------ Source records ------

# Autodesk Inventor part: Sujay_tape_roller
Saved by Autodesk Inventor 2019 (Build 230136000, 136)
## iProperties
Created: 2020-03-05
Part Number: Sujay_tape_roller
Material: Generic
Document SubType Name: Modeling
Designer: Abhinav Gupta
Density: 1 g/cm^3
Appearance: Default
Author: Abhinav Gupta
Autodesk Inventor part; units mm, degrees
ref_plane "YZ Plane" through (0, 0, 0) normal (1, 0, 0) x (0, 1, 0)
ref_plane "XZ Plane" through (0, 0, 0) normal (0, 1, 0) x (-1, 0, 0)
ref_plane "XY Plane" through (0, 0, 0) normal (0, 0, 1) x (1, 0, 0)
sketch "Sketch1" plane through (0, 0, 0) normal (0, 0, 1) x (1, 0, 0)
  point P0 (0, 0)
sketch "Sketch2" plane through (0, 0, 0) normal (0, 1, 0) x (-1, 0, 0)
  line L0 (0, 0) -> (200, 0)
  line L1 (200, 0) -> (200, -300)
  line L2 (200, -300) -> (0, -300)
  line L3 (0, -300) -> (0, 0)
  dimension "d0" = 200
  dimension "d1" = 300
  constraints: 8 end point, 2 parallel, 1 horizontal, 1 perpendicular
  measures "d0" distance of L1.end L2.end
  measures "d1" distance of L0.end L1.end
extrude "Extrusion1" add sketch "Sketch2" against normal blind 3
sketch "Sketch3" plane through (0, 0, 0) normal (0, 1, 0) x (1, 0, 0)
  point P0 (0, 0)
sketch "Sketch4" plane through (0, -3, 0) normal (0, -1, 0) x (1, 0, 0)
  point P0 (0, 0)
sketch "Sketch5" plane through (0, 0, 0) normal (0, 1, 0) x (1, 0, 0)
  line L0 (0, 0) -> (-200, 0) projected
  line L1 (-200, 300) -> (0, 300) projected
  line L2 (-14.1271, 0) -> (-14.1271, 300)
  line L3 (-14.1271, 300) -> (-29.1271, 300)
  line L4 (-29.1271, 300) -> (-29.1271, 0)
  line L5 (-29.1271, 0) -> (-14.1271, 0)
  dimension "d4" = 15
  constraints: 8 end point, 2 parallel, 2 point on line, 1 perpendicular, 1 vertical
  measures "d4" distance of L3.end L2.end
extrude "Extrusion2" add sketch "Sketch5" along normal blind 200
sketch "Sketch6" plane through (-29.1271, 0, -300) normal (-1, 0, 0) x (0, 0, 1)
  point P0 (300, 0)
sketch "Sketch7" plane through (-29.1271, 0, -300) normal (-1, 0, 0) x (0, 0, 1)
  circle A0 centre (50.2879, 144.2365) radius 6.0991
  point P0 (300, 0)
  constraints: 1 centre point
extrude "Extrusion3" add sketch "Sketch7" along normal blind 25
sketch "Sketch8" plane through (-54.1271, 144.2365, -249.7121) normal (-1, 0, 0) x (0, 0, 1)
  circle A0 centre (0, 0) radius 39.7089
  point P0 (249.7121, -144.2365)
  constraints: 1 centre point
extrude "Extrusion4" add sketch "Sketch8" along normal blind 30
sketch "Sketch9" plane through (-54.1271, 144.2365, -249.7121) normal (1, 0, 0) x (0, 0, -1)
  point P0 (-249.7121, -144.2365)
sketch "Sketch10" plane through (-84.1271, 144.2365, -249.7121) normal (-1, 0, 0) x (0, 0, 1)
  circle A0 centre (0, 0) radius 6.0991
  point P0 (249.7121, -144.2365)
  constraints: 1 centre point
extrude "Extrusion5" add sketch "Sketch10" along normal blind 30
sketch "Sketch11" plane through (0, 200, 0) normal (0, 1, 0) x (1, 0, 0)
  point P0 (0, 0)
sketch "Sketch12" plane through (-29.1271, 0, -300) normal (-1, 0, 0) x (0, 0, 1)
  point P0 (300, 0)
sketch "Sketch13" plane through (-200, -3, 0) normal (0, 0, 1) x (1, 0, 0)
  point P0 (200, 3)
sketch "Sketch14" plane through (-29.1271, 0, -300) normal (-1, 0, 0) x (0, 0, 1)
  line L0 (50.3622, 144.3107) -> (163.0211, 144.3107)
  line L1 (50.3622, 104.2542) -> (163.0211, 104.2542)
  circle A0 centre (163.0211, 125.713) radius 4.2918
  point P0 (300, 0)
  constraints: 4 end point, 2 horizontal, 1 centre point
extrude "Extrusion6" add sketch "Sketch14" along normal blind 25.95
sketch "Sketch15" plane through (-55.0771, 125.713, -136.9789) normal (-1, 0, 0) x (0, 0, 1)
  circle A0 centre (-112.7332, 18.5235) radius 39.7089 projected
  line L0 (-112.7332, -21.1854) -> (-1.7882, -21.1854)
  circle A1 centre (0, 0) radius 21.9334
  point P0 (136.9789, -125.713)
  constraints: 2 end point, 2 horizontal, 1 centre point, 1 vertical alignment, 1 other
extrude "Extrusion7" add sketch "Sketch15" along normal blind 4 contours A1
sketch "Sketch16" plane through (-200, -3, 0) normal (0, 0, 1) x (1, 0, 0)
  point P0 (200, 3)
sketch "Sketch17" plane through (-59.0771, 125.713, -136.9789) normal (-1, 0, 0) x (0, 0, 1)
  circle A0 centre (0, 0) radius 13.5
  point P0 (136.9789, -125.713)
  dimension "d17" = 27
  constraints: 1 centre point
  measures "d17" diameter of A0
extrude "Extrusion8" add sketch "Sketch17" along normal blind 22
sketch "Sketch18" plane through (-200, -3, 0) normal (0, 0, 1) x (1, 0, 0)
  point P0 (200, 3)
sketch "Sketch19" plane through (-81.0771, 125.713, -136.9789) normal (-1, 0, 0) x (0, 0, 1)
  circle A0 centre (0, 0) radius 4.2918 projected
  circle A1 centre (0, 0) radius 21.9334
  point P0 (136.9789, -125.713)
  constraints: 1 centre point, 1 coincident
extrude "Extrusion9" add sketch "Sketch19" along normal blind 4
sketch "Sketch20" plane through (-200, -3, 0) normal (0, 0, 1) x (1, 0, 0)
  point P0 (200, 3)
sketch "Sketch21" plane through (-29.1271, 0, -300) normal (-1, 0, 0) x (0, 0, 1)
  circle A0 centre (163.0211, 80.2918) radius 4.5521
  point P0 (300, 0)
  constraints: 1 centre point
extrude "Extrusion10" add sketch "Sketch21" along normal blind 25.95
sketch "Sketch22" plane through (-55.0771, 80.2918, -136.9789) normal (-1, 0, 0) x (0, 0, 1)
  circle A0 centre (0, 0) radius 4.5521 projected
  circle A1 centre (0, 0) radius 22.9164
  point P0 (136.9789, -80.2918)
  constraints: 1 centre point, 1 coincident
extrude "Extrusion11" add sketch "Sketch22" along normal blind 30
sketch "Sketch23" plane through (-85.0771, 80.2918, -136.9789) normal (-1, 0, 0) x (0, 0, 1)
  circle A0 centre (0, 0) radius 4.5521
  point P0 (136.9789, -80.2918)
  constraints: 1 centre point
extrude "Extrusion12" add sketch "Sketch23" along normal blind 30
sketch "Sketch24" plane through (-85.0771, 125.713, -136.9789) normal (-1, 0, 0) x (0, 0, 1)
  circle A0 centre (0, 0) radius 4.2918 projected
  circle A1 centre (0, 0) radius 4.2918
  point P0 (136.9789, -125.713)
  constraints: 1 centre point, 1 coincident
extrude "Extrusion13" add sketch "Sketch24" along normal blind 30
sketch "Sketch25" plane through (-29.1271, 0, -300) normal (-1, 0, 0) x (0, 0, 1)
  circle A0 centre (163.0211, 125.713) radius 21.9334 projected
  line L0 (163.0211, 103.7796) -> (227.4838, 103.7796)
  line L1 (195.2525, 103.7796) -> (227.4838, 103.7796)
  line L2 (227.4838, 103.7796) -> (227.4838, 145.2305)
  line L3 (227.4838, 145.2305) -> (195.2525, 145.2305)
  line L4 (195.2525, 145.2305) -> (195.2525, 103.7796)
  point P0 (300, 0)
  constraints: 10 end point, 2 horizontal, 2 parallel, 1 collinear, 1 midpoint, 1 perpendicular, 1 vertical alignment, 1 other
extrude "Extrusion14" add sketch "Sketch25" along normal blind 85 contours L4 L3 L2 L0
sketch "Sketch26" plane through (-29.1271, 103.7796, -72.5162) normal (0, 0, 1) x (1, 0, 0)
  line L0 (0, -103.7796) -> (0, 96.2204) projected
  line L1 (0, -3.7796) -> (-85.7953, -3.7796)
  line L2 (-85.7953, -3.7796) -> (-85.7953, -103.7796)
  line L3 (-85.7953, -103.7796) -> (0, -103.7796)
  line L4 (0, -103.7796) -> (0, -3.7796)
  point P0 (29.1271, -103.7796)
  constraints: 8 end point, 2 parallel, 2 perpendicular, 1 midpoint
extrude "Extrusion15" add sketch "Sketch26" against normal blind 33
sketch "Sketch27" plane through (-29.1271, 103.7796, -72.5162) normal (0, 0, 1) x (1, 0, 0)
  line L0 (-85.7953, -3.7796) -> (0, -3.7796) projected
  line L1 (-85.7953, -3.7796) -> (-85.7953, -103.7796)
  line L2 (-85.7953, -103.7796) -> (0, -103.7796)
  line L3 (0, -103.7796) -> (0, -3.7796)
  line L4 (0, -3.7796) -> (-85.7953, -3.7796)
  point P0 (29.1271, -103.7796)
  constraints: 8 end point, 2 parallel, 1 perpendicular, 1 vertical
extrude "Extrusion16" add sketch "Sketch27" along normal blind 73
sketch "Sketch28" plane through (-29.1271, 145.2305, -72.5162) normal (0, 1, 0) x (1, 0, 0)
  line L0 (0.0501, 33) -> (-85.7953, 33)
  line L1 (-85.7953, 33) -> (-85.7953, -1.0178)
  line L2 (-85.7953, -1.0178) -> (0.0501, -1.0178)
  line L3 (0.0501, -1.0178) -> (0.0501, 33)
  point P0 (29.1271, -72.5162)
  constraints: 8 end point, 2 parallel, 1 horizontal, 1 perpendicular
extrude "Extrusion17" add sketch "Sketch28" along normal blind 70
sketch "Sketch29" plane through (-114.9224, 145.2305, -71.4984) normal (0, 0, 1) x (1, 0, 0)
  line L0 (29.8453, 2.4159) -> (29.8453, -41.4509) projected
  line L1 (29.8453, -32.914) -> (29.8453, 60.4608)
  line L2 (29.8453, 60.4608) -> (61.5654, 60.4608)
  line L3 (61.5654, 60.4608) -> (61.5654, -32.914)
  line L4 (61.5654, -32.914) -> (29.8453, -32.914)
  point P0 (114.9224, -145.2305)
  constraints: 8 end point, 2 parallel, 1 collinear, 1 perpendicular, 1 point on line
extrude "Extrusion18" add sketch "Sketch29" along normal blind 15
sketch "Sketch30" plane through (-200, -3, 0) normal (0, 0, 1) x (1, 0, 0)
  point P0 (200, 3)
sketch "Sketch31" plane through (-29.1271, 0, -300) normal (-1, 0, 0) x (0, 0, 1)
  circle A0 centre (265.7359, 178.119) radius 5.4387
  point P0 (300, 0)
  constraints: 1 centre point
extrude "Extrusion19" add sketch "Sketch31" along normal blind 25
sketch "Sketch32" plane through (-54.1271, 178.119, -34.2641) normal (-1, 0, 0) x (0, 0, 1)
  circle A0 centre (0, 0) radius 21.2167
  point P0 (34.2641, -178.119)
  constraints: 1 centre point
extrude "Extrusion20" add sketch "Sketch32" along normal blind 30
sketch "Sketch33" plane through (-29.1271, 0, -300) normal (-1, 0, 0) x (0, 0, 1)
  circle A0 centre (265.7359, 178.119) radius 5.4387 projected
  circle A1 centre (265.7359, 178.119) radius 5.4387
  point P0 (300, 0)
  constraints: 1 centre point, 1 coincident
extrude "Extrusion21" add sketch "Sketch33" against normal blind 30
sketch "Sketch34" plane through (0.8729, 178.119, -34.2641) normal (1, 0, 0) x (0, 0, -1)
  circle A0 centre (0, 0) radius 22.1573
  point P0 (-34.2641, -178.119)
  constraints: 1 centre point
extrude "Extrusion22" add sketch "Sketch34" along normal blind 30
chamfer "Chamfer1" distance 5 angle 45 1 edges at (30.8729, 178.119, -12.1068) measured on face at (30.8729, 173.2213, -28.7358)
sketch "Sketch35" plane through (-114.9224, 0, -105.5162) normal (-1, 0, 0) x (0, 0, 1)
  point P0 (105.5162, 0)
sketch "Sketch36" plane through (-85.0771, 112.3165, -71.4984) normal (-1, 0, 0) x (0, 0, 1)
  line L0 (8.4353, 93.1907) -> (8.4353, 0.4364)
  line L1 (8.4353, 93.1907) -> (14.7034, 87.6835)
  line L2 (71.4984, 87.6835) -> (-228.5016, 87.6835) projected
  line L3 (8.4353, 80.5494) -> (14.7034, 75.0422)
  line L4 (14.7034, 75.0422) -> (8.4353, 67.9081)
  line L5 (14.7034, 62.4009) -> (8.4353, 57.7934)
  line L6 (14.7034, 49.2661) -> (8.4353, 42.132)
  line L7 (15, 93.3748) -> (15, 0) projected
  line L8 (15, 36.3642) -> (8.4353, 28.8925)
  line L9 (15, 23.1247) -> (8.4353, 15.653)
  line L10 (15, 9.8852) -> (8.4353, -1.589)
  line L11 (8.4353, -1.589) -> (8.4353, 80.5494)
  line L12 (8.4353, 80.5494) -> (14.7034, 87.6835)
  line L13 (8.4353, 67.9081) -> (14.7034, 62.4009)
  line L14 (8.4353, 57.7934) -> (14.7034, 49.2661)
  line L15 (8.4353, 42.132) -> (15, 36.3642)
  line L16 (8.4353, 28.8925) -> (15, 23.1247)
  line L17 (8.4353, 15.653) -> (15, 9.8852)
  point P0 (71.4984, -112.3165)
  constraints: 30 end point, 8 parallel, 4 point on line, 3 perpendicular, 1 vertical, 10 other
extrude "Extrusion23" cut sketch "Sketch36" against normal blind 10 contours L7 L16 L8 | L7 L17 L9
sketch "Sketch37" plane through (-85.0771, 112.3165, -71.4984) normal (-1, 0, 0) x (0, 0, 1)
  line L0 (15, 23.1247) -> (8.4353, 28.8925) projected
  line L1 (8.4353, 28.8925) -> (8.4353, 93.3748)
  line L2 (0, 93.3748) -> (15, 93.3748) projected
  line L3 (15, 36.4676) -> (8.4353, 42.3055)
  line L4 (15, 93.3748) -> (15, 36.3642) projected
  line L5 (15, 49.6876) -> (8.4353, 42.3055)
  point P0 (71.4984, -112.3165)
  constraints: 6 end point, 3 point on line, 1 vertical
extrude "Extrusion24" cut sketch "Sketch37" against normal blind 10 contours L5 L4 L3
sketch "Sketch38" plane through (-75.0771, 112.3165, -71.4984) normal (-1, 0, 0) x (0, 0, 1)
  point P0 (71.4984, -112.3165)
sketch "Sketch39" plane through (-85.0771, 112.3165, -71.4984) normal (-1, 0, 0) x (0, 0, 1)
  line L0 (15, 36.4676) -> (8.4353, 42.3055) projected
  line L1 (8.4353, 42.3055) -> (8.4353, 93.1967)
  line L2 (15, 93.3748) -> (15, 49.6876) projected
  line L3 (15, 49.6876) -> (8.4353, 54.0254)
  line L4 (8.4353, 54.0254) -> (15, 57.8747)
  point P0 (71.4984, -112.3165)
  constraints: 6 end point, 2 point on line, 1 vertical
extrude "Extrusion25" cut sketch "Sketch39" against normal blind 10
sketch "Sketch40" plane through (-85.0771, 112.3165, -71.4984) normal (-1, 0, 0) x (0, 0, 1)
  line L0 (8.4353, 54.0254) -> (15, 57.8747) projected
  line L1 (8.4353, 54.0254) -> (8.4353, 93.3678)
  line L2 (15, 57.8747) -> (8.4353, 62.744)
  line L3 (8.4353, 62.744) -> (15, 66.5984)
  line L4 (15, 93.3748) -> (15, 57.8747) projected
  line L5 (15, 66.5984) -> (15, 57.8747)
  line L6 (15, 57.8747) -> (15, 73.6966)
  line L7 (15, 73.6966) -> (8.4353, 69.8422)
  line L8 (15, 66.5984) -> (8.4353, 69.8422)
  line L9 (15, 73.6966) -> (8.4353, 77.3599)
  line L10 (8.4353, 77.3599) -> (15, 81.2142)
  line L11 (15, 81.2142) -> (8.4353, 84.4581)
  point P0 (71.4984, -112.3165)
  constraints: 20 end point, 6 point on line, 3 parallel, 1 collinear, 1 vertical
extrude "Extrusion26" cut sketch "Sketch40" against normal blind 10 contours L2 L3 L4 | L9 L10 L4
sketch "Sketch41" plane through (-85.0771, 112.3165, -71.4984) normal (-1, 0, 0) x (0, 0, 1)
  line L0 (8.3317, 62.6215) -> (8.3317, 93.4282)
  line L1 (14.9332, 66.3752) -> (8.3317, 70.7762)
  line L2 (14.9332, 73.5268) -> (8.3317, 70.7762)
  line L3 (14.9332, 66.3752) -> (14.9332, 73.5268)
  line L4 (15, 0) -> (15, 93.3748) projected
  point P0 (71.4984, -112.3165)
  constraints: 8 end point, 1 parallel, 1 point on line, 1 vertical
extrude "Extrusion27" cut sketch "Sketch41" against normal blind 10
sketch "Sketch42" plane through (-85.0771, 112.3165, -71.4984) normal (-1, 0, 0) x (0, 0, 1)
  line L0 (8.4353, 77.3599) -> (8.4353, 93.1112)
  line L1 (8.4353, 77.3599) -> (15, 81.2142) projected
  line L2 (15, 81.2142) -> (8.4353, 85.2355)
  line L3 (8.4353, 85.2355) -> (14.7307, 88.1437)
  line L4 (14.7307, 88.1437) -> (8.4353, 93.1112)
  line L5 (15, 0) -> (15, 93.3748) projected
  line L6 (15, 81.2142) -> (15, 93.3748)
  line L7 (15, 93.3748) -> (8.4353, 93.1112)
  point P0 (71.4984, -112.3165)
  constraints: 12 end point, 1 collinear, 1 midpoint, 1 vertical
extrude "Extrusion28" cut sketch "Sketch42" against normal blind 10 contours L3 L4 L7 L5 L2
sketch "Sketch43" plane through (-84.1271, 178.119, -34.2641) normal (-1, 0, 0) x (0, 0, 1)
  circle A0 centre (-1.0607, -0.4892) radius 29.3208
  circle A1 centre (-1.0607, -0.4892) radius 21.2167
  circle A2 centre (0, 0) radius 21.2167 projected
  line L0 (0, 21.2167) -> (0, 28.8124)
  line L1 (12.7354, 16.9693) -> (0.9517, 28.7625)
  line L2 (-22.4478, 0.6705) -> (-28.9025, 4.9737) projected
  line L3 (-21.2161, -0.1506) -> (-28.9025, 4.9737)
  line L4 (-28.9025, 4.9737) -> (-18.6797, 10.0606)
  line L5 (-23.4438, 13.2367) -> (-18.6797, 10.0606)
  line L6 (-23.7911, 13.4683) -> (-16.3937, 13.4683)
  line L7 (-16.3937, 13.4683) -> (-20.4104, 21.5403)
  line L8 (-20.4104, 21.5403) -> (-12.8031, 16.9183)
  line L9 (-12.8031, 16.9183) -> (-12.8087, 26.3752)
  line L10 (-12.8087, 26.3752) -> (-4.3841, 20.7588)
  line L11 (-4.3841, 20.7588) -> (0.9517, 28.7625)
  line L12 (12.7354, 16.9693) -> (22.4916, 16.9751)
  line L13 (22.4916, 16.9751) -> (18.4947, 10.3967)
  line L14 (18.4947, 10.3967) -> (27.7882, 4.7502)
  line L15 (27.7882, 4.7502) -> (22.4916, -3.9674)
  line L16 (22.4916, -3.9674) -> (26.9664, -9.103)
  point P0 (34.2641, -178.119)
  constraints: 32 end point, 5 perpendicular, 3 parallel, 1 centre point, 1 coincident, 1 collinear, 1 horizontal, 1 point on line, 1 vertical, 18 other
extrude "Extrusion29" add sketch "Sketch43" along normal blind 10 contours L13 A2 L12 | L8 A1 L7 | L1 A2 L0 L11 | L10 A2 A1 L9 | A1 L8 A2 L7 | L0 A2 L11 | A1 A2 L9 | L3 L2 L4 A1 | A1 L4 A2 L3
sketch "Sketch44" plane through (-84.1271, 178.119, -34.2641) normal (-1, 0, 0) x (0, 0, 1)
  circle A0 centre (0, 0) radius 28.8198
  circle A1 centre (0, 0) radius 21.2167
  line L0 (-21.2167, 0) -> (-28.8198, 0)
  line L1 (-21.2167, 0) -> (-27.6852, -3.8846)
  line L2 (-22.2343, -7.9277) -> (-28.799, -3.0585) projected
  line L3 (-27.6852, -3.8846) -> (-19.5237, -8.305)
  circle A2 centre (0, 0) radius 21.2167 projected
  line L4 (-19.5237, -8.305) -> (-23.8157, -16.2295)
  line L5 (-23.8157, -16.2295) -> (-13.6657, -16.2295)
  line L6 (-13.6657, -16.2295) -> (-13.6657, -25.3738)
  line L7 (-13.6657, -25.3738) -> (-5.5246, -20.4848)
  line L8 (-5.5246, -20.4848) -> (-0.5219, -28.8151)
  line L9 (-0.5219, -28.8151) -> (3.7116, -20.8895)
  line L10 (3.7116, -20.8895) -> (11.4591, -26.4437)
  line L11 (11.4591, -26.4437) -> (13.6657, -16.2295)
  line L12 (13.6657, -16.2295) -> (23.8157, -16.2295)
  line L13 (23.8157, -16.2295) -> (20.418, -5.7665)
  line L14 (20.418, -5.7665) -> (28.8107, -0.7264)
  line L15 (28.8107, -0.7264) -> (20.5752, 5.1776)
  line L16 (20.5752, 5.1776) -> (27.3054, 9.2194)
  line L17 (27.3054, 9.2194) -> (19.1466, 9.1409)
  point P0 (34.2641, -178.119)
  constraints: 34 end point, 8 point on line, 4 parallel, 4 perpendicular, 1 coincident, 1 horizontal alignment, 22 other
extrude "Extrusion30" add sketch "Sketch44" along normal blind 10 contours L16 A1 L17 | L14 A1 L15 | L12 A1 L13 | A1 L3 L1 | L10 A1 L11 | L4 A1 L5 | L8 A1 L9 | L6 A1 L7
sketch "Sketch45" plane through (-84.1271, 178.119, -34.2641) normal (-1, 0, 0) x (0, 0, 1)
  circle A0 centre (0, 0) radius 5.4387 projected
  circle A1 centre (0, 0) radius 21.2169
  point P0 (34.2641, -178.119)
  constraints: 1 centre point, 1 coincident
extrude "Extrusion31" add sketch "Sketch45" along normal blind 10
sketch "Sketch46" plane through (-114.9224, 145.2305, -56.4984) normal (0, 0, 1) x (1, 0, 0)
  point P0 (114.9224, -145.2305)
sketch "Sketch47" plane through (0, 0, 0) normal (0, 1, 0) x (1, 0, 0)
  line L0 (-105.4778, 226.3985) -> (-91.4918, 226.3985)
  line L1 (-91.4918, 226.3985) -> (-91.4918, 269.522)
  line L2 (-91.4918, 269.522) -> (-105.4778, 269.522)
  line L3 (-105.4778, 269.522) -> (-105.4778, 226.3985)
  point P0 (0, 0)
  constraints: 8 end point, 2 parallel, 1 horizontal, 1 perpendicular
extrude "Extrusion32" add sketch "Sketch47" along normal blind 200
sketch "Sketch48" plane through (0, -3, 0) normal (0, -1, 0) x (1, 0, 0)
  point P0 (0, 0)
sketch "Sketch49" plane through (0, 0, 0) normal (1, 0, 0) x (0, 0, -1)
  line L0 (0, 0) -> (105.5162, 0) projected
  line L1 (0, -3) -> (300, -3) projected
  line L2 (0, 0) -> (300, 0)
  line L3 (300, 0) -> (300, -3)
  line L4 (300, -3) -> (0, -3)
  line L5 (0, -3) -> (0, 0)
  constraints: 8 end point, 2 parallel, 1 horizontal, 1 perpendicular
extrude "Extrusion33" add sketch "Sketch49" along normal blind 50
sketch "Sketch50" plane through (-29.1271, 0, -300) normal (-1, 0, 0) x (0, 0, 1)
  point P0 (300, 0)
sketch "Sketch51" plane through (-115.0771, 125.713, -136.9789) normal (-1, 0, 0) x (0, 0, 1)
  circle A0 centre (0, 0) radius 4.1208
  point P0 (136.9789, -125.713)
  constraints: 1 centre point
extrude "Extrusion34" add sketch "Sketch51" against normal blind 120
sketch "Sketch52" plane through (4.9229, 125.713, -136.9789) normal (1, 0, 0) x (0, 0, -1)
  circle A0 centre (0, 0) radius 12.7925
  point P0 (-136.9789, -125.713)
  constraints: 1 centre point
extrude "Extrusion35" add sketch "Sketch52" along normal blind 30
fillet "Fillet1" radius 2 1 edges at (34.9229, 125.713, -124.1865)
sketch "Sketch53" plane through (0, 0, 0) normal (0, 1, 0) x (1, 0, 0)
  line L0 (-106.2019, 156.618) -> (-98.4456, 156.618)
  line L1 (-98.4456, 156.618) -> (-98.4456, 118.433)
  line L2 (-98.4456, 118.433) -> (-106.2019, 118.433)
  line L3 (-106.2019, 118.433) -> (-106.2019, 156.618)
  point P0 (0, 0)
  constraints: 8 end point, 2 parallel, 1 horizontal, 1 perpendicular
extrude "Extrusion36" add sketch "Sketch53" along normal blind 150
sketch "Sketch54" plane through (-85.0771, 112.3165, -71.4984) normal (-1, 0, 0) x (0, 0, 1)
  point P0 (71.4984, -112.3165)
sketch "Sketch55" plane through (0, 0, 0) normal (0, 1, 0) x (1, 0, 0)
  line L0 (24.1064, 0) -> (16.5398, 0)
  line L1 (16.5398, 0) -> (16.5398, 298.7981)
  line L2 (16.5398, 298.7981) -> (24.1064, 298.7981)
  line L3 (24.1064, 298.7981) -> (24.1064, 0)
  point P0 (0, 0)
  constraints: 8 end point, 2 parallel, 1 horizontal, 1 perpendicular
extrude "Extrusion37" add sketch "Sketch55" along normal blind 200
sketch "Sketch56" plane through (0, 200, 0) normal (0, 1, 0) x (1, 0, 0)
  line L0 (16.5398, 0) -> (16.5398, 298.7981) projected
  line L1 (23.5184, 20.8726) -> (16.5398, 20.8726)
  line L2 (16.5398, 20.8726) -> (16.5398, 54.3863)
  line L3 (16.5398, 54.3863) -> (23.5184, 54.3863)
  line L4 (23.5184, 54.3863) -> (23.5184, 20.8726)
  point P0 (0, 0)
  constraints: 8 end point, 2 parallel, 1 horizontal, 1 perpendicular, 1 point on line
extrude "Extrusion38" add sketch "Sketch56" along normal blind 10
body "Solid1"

------

Go through the records and pull out each line that includes the word "midpoint".

Problem solution:
  constraints: 10 end point, 2 horizontal, 2 parallel, 1 collinear, 1 midpoint, 1 perpendicular, 1 vertical alignment, 1 other
  constraints: 8 end point, 2 parallel, 2 perpendicular, 1 midpoint
  constraints: 12 end point, 1 collinear, 1 midpoint, 1 vertical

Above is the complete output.